:: Records supplied ::

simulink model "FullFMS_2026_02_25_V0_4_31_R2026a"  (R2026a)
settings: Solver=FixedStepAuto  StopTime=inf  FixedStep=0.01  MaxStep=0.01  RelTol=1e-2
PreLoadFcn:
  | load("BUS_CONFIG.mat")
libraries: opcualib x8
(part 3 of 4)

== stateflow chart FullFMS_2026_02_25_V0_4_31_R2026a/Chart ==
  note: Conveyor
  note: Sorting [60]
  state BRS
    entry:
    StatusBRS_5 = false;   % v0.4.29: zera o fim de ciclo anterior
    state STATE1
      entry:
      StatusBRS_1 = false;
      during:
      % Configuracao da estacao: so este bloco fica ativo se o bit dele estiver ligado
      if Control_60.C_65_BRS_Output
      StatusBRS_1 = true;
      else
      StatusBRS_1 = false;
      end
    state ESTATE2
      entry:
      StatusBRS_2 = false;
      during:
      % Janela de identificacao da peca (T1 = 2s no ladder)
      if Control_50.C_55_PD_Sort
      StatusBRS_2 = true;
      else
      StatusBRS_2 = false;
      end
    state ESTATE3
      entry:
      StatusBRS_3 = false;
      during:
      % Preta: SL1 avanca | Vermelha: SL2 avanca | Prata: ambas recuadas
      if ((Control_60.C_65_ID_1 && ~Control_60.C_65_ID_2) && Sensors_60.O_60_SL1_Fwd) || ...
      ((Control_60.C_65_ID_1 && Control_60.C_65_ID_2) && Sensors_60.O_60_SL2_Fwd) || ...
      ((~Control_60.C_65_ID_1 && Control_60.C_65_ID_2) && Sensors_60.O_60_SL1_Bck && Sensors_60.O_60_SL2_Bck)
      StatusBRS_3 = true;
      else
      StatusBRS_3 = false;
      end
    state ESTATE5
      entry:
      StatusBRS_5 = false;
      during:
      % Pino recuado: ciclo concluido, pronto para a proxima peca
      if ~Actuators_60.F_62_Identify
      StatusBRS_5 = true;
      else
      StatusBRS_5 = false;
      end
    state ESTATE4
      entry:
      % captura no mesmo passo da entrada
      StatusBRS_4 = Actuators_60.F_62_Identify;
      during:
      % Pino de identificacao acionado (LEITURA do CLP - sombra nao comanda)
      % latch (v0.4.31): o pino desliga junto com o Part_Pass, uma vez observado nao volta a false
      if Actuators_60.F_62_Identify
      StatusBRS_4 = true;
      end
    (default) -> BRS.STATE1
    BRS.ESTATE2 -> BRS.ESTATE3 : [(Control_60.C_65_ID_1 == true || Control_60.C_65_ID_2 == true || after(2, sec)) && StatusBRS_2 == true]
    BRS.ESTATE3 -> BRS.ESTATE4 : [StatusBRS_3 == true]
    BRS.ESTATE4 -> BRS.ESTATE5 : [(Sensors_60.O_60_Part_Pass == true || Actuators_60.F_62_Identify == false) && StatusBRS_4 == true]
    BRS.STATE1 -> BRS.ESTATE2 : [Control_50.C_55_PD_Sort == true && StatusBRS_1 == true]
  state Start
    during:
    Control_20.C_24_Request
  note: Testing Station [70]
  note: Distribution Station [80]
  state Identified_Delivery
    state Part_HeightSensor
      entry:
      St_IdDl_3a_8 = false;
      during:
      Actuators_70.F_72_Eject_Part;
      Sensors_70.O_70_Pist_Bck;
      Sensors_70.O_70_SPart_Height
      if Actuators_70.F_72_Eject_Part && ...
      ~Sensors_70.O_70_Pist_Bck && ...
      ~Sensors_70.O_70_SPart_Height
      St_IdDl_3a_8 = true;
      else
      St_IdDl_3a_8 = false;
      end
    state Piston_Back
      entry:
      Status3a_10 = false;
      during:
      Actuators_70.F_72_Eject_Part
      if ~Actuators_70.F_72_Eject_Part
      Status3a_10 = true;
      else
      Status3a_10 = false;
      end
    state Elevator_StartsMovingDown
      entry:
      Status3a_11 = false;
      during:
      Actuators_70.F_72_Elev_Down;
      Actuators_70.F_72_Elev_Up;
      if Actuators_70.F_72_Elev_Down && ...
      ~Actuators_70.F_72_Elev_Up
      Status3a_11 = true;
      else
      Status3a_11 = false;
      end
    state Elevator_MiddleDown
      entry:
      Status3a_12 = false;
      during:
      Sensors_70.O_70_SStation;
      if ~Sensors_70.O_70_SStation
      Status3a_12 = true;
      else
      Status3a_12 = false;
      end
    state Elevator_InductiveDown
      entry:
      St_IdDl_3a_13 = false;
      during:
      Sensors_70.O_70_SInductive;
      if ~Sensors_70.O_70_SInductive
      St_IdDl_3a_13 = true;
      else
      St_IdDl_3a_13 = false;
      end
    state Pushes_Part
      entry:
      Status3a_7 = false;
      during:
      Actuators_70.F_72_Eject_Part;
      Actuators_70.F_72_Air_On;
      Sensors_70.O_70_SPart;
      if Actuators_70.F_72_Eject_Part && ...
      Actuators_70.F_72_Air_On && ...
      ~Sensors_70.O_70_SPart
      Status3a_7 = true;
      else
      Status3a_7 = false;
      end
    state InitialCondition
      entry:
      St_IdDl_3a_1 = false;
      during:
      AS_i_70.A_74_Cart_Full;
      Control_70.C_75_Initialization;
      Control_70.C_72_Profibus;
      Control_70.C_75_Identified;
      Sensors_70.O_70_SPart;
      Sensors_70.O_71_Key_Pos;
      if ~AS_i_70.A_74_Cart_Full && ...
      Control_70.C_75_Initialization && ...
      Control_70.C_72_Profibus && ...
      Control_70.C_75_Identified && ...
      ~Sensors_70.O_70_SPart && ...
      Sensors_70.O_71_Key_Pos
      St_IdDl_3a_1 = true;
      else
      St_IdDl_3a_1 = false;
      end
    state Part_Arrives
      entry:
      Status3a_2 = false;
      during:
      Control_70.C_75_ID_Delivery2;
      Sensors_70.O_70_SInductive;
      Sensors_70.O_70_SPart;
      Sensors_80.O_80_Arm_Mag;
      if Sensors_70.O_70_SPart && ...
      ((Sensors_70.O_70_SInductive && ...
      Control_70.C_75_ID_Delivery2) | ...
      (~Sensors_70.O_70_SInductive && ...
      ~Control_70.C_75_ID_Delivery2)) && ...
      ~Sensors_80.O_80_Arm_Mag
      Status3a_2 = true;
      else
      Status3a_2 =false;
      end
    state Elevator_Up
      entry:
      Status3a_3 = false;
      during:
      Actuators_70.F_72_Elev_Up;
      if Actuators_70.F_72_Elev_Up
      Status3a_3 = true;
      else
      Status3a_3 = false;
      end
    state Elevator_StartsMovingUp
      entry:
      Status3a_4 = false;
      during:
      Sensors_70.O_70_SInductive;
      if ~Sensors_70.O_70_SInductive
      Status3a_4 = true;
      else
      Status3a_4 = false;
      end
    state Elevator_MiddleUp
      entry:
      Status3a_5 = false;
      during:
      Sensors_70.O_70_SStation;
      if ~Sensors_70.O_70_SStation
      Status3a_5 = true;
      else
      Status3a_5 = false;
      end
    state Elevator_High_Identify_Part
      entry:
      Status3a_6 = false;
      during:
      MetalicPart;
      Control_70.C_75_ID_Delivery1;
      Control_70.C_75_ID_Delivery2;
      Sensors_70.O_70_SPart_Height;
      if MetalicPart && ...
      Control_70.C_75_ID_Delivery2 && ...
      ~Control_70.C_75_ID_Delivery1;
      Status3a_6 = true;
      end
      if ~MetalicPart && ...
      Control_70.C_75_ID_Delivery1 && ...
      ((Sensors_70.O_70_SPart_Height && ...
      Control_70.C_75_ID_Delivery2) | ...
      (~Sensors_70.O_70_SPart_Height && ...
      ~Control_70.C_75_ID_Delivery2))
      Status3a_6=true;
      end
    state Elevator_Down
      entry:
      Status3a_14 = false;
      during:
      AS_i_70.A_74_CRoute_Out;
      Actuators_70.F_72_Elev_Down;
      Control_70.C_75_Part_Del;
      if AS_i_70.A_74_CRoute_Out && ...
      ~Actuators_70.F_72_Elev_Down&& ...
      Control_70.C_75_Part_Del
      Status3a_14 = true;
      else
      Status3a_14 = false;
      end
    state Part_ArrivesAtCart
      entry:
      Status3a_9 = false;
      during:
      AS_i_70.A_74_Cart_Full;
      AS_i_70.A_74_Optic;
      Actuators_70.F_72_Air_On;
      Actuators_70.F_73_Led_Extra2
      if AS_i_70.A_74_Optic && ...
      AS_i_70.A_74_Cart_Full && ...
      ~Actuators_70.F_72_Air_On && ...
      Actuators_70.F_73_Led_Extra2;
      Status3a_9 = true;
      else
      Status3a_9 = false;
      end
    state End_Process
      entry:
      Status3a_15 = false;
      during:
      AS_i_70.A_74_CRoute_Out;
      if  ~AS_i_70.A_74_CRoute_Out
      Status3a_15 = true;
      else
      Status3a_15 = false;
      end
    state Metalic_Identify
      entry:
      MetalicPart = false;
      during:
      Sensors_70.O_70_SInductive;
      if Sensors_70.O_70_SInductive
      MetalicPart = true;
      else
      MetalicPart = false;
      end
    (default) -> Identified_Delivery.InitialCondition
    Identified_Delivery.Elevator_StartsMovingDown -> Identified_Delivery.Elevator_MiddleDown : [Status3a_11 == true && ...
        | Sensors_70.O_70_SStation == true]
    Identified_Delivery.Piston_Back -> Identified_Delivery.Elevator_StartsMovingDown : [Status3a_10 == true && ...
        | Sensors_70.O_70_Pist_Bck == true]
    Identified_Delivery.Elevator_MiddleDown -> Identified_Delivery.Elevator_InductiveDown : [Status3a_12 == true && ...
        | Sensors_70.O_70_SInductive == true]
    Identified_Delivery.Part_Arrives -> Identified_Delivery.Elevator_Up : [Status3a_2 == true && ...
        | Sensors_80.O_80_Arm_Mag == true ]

:::

Every line in the entries above that has the word "note" should be identified and copied.

[Solution]:
  note: Conveyor
  note: Sorting [60]
  note: Testing Station [70]
  note: Distribution Station [80]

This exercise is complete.